Directions:
Return the data below exactly, but only from the line containing "W_Slip : Sum" through the line containing "[FA_CLU_STUCK] -> Switch/2", with both of those lines included.

Dataset items
[Start of section]

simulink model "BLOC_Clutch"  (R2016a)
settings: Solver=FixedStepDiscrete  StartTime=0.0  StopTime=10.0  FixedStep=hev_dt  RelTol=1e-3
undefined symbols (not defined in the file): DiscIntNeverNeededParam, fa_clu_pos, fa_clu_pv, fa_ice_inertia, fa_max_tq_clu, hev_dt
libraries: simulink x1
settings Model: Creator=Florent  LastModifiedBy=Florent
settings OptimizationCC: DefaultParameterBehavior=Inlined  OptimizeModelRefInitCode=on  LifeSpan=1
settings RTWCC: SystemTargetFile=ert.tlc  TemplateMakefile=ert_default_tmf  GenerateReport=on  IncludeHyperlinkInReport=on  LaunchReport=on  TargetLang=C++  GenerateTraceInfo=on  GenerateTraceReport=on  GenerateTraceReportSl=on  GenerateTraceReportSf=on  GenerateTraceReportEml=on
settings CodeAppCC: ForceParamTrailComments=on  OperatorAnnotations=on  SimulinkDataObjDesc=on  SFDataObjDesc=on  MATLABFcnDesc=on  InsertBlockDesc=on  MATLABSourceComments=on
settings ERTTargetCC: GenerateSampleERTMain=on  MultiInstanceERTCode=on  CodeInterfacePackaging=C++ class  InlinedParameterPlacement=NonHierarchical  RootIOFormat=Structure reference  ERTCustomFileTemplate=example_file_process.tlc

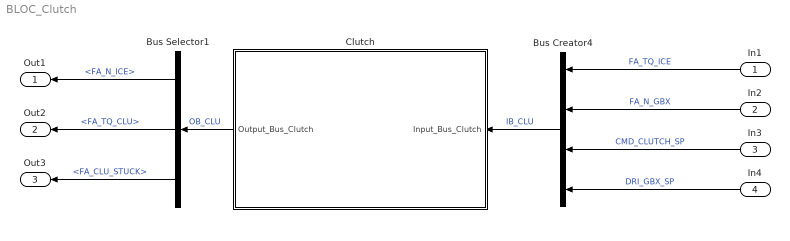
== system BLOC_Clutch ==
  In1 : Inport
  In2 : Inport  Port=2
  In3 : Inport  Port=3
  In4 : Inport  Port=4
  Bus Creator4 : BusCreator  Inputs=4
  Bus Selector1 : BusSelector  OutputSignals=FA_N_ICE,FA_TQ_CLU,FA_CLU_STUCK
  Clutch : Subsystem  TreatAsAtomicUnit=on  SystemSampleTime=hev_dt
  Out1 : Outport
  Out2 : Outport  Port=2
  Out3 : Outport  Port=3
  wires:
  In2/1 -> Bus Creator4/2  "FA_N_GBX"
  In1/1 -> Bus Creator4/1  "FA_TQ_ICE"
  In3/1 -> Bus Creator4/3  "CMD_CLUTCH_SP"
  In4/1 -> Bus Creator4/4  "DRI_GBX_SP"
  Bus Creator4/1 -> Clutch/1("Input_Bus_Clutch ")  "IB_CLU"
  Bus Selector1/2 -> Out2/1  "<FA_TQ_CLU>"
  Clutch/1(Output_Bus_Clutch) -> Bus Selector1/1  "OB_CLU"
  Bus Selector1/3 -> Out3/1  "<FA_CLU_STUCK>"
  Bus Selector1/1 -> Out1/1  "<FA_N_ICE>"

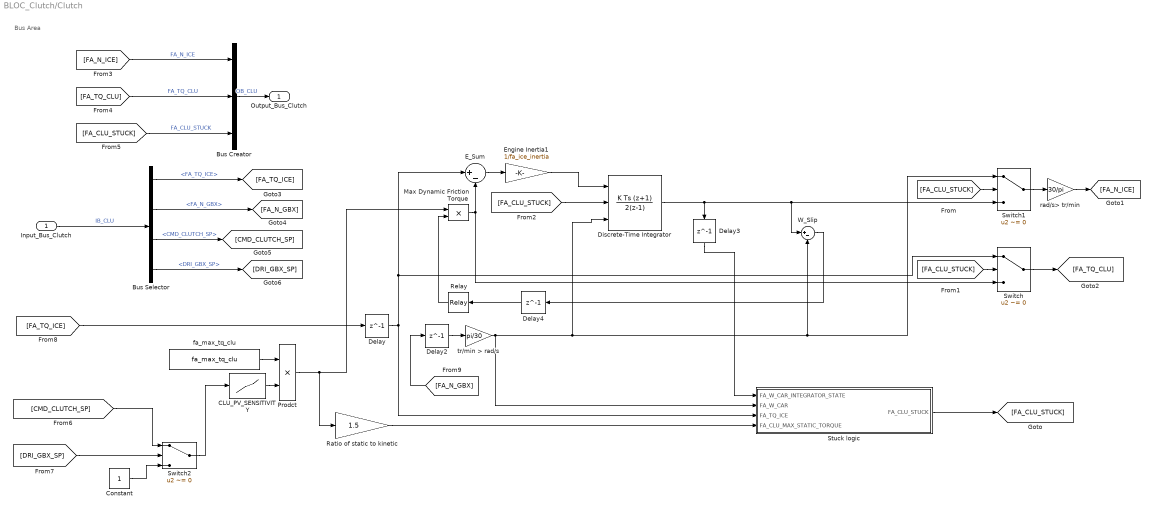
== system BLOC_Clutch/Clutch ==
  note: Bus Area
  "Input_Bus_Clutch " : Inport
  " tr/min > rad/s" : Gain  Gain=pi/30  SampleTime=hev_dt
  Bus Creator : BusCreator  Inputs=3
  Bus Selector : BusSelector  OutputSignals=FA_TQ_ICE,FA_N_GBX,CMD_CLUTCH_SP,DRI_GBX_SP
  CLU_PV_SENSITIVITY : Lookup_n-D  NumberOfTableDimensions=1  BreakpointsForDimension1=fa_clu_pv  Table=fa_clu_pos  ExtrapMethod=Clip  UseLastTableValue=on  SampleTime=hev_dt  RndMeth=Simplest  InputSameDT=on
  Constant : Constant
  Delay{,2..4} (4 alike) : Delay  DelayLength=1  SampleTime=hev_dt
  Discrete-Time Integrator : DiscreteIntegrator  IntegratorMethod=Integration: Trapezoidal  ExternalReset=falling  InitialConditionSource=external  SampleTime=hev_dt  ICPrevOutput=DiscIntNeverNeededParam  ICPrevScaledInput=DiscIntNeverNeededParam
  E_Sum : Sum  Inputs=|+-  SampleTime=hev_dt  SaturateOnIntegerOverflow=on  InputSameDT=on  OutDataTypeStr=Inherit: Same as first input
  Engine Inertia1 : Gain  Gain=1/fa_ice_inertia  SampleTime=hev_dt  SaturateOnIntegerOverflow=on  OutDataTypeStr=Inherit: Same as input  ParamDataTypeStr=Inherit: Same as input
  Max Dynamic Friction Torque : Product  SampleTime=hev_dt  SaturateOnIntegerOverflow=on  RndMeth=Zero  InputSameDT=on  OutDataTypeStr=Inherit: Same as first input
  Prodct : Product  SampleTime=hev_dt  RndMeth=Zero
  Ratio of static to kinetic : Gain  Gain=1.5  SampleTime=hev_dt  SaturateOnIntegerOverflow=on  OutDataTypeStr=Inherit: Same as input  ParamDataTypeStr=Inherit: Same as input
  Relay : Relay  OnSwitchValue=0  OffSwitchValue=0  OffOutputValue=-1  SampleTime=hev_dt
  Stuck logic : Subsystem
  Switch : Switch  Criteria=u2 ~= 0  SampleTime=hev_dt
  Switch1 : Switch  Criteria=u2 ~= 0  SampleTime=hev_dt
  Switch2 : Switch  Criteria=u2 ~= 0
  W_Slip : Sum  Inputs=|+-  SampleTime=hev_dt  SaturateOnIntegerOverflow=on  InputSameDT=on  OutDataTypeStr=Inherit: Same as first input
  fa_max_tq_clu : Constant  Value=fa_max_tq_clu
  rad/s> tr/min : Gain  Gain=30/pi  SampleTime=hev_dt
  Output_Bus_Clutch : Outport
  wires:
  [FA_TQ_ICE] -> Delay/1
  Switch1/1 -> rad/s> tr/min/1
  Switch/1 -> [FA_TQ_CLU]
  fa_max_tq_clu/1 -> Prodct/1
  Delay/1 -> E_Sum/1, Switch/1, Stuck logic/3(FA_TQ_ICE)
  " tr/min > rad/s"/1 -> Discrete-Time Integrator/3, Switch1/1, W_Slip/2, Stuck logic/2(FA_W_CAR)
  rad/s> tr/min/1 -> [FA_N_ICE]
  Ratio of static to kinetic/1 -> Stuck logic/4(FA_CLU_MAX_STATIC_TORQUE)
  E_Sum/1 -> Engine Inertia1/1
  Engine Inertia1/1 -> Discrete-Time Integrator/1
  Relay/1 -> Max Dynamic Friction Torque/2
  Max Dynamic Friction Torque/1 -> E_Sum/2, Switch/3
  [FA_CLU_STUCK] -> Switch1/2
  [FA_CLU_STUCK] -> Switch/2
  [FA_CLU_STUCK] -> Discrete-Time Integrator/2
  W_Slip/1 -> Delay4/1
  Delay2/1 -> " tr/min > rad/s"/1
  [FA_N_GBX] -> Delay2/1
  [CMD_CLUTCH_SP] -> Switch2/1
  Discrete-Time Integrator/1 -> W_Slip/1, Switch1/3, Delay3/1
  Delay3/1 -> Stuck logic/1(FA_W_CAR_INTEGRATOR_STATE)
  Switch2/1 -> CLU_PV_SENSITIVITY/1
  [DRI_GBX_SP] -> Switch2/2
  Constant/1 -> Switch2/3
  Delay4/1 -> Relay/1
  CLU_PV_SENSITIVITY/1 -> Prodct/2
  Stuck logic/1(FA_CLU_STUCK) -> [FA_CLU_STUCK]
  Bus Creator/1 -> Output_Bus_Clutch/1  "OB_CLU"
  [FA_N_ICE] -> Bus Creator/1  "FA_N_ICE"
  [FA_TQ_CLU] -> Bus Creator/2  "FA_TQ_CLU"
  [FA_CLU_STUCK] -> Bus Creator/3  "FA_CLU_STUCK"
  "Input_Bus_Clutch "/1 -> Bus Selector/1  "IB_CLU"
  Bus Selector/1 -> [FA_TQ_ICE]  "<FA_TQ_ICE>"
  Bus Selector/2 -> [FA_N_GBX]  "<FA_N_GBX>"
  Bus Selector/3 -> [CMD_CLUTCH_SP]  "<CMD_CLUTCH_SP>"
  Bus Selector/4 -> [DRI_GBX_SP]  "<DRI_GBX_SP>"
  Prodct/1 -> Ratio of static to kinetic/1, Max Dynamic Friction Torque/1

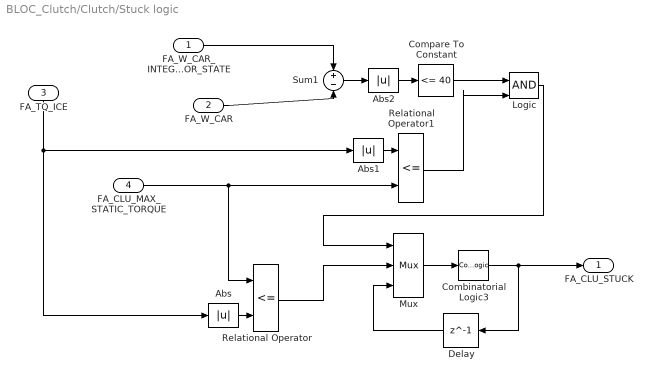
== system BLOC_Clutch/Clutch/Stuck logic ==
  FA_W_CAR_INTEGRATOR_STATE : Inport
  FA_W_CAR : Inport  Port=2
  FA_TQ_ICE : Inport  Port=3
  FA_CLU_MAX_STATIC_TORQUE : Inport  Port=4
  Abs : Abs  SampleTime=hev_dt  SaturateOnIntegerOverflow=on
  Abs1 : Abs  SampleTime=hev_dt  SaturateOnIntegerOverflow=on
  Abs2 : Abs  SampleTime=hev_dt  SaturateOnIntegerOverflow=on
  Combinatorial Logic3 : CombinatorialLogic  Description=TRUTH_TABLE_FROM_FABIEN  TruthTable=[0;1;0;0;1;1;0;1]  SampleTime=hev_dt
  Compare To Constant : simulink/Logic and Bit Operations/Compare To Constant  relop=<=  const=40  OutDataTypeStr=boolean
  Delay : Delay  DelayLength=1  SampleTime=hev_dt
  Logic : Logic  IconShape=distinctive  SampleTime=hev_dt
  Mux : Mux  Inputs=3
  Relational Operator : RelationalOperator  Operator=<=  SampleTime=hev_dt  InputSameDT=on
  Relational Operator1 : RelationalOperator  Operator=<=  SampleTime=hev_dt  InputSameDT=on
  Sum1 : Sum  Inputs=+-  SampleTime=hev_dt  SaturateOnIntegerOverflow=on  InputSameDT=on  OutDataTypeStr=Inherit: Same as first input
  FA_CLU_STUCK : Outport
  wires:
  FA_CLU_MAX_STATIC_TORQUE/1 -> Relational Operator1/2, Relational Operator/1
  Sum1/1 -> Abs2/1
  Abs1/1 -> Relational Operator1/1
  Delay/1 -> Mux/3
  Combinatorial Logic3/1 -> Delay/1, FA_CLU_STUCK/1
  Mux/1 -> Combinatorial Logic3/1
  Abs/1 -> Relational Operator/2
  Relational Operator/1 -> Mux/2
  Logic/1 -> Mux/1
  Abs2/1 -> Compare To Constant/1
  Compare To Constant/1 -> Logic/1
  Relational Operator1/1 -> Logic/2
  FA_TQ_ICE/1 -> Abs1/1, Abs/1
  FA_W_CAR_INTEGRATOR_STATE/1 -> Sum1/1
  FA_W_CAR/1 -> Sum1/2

[End of section]

Worked solution:
  W_Slip : Sum  Inputs=|+-  SampleTime=hev_dt  SaturateOnIntegerOverflow=on  InputSameDT=on  OutDataTypeStr=Inherit: Same as first input
  fa_max_tq_clu : Constant  Value=fa_max_tq_clu
  rad/s> tr/min : Gain  Gain=30/pi  SampleTime=hev_dt
  Output_Bus_Clutch : Outport
  wires:
  [FA_TQ_ICE] -> Delay/1
  Switch1/1 -> rad/s> tr/min/1
  Switch/1 -> [FA_TQ_CLU]
  fa_max_tq_clu/1 -> Prodct/1
  Delay/1 -> E_Sum/1, Switch/1, Stuck logic/3(FA_TQ_ICE)
  " tr/min > rad/s"/1 -> Discrete-Time Integrator/3, Switch1/1, W_Slip/2, Stuck logic/2(FA_W_CAR)
  rad/s> tr/min/1 -> [FA_N_ICE]
  Ratio of static to kinetic/1 -> Stuck logic/4(FA_CLU_MAX_STATIC_TORQUE)
  E_Sum/1 -> Engine Inertia1/1
  Engine Inertia1/1 -> Discrete-Time Integrator/1
  Relay/1 -> Max Dynamic Friction Torque/2
  Max Dynamic Friction Torque/1 -> E_Sum/2, Switch/3
  [FA_CLU_STUCK] -> Switch1/2
  [FA_CLU_STUCK] -> Switch/2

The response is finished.